Managing Risk from a Board`s Eye View
Intensified concerns about risk management, auditing and fraud detection, and corporate governance have sensitized boards and top management teams to adopt an even more active role in the oversight of business strategy and key enterprise activities. Significant regulations such as the Sarbanes-Oxley Act, the Health Insurance Portability and Accountability Act and the Patriot Act have further raised the stakes.
The failure to meet the required attestations, the unintended violations of privacy and confidentiality, or the heightened vulnerabilities to identity thefts are likely to invite adverse reactions from regulators and from the stock market. As business technology becomes embedded in core organizational processes, control systems and decision support systems, it is vital that boards appreciate the material risks due to technology and understand the risk-mitigation strategy.
An enterprisewide perspective is needed to guide the use of business technology in implementing effective, economical enterprise risk management systems that facilitate both management control and performance auditability. With greater complexity in the processes and structures for managing business technology (as a result of outsourcing, offshoring, and applications and Web site hosting, for example), there is a need for more sophisticated models of enterprisewide risk assessment that factor in not just the internal risks, but also the risks inherent in sourcing and external partnering.
Boards and top management teams must provide active oversight over the impact business technology risks have on the business, and ensure the effectiveness of the governance systems in mitigating these risks. Boards must remain vigilant, always looking at both the business and technology sides of their organizations.
Dr. Leslie Willcocks, professor in technology work and globalization at the London School of Economics, observes many companies, and has a deep understanding of the risks they face and how well they manage them. According to Willcocks, one of the most common risk-related issues organizations face is strategic in nature, caused by a disconnect between technology and the business. He explains:
A frequent problem I see is that the business doesn’t understand how technology can be used. They don’t have a technology view of their business. People very often accuse IT people of not being business-focused. But I think there’s an alternative accusation: Business managers and business strategists don’t really have a technology view of their business, and yet this stuff is absolutely in the skeleton of the operation. It’s a two-way thing, and quite frequently, technology gets blamed for things that business people are not actually doing themselves.

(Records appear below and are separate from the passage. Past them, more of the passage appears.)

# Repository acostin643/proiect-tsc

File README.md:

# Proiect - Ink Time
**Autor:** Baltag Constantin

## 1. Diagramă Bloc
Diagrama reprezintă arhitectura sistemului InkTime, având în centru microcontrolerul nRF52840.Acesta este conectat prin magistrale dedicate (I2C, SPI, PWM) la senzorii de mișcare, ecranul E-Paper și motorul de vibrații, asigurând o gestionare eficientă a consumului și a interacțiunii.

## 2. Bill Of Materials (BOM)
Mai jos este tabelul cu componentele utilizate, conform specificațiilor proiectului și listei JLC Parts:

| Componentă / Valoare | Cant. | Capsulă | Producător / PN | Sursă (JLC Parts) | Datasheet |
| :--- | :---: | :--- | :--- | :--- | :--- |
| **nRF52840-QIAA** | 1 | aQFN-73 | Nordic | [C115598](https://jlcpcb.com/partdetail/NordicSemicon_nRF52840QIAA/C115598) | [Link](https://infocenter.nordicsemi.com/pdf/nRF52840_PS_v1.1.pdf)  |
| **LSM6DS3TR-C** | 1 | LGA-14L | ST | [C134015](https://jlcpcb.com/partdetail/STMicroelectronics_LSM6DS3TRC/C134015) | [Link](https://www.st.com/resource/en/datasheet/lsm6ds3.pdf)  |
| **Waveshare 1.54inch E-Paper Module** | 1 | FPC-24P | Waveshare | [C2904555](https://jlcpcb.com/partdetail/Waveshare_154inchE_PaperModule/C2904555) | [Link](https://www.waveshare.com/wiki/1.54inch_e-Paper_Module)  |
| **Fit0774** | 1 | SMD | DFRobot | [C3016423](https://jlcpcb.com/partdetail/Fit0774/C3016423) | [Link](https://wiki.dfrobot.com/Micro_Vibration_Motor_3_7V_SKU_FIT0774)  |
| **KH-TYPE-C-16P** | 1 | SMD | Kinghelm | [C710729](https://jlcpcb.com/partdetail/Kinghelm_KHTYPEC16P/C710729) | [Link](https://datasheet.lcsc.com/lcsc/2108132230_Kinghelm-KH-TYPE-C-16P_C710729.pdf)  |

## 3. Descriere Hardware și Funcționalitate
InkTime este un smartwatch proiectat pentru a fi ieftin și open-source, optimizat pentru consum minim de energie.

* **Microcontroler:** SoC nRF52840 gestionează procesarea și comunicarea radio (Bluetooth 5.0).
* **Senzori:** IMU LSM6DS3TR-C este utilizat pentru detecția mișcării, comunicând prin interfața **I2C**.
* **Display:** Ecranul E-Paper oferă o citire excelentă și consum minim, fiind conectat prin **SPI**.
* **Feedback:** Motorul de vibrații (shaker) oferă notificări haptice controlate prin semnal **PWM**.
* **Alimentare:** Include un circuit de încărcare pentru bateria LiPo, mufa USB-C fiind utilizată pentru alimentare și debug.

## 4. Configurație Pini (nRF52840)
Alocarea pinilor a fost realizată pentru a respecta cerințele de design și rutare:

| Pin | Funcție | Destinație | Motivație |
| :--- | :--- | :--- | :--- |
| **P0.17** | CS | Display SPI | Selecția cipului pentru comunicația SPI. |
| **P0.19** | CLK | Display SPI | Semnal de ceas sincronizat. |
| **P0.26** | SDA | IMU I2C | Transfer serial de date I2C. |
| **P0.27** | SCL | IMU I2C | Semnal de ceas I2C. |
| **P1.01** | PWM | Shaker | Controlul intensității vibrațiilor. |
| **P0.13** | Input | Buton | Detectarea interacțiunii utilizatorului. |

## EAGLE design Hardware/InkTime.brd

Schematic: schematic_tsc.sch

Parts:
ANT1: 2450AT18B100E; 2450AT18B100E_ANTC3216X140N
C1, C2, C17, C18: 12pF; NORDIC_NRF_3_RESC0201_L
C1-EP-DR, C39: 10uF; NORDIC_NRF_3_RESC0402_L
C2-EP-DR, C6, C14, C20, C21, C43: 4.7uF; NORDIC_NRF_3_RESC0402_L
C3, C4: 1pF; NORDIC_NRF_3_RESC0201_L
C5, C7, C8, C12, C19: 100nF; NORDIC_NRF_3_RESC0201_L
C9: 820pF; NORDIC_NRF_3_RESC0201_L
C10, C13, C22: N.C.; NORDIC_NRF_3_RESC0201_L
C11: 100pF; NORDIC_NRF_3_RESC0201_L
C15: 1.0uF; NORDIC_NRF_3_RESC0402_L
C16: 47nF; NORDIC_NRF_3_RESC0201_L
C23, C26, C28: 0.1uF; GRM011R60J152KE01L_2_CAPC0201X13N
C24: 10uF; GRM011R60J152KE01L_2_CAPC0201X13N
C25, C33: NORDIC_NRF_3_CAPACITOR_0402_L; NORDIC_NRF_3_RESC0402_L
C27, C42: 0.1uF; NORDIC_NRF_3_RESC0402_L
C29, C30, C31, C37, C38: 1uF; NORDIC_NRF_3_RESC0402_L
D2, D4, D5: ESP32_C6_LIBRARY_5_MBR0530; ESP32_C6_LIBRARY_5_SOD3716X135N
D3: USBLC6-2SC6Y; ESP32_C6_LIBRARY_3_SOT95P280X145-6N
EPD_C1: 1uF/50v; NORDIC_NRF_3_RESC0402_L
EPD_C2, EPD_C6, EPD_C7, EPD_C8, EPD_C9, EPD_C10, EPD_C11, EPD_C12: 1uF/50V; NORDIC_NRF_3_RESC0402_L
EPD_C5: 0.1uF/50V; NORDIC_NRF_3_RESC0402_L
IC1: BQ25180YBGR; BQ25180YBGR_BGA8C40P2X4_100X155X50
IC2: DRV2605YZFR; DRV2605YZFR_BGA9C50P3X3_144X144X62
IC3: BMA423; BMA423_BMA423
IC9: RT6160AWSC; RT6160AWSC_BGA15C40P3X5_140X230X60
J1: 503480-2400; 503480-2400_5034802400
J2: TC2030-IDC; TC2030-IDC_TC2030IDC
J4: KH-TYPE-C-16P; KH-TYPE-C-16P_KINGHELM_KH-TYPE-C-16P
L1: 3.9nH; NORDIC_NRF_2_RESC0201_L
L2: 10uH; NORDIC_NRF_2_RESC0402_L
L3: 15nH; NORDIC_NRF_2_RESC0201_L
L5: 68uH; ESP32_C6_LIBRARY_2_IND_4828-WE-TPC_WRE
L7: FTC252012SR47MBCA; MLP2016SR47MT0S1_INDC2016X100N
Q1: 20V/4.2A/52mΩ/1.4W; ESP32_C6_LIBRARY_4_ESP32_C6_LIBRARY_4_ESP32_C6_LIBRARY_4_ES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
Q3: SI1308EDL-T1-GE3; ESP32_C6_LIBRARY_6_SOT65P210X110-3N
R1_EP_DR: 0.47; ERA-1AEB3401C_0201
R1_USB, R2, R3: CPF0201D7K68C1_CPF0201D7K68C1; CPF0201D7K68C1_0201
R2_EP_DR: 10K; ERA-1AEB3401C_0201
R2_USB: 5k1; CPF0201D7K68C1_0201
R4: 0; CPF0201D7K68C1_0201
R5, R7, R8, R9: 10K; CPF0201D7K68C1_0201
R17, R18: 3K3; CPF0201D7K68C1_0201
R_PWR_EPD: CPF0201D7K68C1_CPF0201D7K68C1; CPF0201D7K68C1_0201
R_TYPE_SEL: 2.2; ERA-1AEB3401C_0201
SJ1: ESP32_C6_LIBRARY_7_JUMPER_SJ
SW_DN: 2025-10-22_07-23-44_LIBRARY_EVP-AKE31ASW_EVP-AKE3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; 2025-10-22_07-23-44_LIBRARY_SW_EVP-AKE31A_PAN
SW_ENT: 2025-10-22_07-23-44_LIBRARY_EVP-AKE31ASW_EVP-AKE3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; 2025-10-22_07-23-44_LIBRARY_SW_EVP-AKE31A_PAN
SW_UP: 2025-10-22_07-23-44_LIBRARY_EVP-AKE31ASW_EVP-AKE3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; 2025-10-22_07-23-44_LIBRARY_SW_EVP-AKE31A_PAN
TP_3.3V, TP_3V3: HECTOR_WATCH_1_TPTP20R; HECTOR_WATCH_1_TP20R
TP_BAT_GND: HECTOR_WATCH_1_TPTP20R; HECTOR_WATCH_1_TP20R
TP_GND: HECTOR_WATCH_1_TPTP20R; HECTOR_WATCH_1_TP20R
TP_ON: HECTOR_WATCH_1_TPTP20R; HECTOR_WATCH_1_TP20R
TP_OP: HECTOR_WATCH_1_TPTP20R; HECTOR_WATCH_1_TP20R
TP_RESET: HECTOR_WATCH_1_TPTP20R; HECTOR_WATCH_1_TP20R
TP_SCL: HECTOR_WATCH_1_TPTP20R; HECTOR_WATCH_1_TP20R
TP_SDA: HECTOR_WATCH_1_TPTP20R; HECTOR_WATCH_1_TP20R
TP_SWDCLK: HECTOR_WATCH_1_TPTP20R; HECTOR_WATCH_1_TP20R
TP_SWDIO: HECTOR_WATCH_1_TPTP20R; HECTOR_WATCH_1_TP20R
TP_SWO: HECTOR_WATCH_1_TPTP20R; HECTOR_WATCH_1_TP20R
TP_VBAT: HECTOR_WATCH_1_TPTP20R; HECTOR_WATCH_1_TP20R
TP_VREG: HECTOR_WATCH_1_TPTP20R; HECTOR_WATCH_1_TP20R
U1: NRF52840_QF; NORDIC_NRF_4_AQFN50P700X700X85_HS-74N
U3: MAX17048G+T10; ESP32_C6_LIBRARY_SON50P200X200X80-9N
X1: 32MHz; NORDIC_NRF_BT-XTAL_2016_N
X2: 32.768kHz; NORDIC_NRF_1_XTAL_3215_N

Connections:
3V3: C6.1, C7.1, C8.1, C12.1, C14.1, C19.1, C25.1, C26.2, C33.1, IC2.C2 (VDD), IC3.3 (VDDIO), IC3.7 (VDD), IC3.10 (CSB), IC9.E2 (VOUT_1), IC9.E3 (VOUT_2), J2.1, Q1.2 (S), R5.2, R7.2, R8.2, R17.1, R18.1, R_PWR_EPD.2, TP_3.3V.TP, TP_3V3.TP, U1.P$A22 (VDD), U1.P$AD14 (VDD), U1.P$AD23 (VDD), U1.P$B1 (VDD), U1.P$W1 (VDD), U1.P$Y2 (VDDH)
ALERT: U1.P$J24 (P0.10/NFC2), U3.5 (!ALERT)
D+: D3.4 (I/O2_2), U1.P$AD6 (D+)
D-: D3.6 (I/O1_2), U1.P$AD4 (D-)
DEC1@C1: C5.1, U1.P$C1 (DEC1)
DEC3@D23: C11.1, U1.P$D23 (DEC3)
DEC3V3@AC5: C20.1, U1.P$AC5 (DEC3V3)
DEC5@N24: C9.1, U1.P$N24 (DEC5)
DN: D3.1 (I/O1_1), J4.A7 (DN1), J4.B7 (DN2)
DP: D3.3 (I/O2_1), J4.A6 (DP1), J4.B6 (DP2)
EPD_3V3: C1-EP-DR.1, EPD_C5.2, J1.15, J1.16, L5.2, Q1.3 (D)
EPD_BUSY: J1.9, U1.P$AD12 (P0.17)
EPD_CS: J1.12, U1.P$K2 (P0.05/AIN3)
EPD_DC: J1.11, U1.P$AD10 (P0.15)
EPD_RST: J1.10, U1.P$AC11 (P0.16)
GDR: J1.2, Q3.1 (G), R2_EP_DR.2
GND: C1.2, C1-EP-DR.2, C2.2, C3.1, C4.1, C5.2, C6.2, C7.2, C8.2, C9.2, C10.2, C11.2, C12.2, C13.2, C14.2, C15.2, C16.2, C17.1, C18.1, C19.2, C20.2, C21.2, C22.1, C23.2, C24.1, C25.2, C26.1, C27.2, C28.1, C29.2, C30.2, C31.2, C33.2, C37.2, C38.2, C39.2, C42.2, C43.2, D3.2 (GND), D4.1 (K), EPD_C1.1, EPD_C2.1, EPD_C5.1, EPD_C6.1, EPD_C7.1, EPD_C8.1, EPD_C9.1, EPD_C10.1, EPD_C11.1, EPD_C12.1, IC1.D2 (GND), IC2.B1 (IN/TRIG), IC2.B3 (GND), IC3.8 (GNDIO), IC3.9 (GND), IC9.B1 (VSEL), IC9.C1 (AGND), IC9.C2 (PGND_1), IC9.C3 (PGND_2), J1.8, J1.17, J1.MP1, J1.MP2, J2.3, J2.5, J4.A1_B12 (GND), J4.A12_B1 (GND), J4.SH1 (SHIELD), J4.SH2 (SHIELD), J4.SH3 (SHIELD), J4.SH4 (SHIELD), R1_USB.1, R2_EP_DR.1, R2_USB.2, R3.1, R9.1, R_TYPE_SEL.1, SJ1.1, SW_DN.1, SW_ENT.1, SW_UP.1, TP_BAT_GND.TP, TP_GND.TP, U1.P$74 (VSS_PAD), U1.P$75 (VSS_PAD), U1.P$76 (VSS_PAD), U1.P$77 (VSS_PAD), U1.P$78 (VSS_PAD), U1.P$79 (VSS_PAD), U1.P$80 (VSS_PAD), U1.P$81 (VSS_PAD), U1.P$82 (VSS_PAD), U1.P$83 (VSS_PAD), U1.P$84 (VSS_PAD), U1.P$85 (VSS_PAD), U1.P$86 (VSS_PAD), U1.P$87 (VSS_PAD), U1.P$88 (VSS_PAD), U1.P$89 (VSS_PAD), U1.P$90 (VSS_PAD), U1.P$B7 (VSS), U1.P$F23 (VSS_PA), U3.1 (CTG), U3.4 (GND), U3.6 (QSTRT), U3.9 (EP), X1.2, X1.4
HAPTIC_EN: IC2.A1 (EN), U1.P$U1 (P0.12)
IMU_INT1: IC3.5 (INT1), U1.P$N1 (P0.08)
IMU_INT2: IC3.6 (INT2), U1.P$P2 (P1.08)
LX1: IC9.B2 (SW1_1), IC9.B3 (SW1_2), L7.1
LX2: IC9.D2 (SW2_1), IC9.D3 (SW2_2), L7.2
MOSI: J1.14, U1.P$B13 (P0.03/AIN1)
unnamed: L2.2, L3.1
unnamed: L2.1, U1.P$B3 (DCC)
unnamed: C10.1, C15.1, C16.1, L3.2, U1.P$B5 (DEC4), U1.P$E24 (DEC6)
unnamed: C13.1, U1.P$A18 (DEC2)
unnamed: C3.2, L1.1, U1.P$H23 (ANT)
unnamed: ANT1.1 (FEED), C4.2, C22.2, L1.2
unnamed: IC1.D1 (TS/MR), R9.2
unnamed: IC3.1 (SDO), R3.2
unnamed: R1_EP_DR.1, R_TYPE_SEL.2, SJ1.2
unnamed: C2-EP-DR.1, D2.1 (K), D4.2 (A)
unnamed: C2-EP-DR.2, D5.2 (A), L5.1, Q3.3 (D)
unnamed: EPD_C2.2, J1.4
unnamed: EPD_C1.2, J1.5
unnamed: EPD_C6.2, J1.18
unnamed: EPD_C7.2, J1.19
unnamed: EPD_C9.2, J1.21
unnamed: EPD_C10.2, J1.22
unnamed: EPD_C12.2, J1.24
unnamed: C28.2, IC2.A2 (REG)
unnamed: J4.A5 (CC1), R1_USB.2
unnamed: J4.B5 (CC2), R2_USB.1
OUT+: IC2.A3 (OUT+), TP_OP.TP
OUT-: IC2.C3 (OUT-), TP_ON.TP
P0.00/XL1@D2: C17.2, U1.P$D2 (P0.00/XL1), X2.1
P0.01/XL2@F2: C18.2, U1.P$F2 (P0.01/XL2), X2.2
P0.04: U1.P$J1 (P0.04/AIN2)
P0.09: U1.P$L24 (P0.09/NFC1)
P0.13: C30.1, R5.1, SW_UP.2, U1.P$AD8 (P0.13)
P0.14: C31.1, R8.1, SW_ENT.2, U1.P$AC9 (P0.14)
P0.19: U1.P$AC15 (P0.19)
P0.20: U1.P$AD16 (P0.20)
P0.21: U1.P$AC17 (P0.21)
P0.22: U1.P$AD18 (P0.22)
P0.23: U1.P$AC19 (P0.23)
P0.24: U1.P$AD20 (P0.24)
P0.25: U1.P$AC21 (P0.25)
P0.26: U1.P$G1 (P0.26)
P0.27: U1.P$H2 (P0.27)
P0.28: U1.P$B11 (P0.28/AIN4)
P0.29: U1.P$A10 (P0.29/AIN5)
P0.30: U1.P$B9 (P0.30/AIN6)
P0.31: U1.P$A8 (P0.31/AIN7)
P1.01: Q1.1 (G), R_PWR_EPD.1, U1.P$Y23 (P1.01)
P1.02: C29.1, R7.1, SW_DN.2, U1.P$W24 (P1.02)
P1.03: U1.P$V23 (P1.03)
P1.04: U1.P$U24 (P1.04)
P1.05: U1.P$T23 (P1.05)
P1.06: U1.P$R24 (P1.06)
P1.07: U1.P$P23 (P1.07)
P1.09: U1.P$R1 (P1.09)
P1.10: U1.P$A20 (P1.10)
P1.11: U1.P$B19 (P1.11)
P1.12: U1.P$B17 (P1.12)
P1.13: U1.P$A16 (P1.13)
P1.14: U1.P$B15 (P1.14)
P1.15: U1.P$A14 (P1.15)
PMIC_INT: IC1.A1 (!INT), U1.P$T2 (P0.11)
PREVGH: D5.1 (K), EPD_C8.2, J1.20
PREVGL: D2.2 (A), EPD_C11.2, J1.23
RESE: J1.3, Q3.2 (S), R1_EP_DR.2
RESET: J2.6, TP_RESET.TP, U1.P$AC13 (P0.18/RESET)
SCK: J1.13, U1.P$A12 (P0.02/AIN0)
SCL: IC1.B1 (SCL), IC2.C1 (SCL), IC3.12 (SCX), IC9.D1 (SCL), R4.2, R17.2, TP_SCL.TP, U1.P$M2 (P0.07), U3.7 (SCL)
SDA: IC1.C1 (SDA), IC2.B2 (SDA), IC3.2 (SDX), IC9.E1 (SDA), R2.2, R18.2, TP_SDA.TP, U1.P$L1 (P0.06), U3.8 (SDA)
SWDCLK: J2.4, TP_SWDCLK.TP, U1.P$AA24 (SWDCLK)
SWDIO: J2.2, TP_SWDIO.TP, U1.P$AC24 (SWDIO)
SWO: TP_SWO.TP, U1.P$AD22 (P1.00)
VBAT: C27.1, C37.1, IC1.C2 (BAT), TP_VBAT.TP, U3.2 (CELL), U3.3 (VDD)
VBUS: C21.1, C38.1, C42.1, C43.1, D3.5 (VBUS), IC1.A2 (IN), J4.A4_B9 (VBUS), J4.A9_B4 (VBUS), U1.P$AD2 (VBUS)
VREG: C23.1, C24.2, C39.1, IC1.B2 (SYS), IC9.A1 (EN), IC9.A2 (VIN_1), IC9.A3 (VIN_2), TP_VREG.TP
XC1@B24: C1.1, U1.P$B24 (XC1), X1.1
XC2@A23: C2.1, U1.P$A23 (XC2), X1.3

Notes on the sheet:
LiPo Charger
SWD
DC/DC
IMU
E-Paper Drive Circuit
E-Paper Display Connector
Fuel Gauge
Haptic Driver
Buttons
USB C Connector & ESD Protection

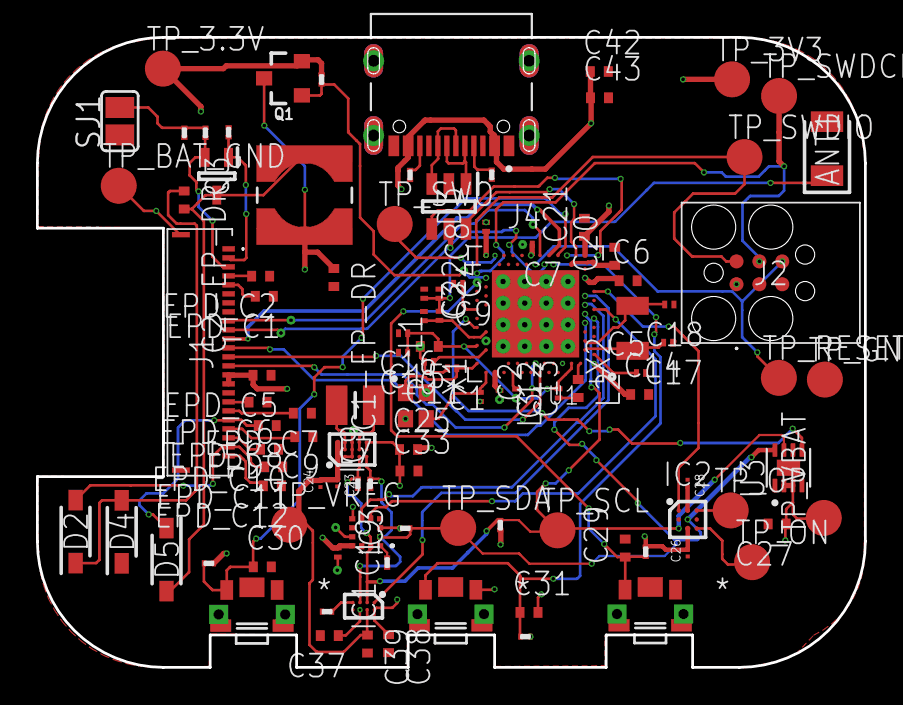
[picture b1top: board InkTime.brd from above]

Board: 4 copper layers, 46.0 x 35.0 mm, 105 parts (0 on the bottom side), 68 nets.

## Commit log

2026-04-10 added folders
2026-04-10 added .gitkeep to track empty folders
2026-04-10 added schematic for inktime
2026-04-10 added pcb
2026-04-21 Expand README with project details and specifications
    Added detailed project information including block diagram, BOM, hardware description, and pin configuration for the Ink Time smartwatch.
2026-04-21 Remove citation markers from README.md
2026-04-21 Revise component table formatting and links
    Updated component table in README with links and formatting.
2026-04-21 Update hardware description in README.md
    Removed citation reference from hardware description.

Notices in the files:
parts and their libraries:
COPYRIGHT: Copyright (C) 2024 Ultra Librarian. All rights reserved.
COPYRIGHT: Copyright (C) 2025 Ultra Librarian. All rights reserved.

Strategic risk refers to the vulnerabilities companies face because of poorly envisioned or executed business strategies. Within business technology management, the focus is on risks at the intersection of business technology and business strategy. Regulatory compliance refers to corporate adherence to different regulatory expectations related to financial reporting and data management. Poor regulatory compliance invites liabilities of civil or criminal punishment and shareholder lawsuits. Other forms of risk include systems and sourcing risks. Although business and technology executives are likely to manage those forms of risk, the management of strategic risk and regulatory compliance must reside at the board level.
The following strategic risks must be managed at the top:
• Business model risk refers to the robustness of the business model and how well it is being executed.
• Competitive risk pertains to the ability to sustain competitive action and retaliation.
• Investment risk relates to the ability to manage business technology spending in a business environment in which capital is scarce and technologies are volatile, expensive and not easily understood.
• Integration risk refers to the risks of inadequate integration between business technology investments and business processes.
• Misalignment risk pertains to inadequate alignment between business technology spending and business priorities.
• Governance models risk relates to the risks of inadequate participation and involvement of business and technology executives on key business technology management decisions.
The management of regulatory compliance has always been an area of board oversight. However, the strategic importance of information and the nature of current business technologies have raised the stakes regarding the privacy, security and confidentiality of information. In particular, there is heightened sensitivity to safeguarding not just sensitive corporate transaction data, but also data about customers, employees and business partners.
The pervasiveness of business technologies has made it far easier for unauthorized pilferage of such information and data. In addition, with heightened concerns about terror, regulations increasingly compel organizations to furnish more data than before. The management of compliance requires attention to the following:
• prevailing regulations;
• maintaining and protecting data about transactions, customers, employees, and business partners;
• alerting stakeholders about incidents of unauthorized access;
• providing the affected stakeholders with assistance;
• the potential for economic sanctions and the threats to business continuity due to noncompliance;
• effectiveness with regard to managing data in conformance with the regulations and stakeholder expectations; and
• the cost of responding to the compliance expectations.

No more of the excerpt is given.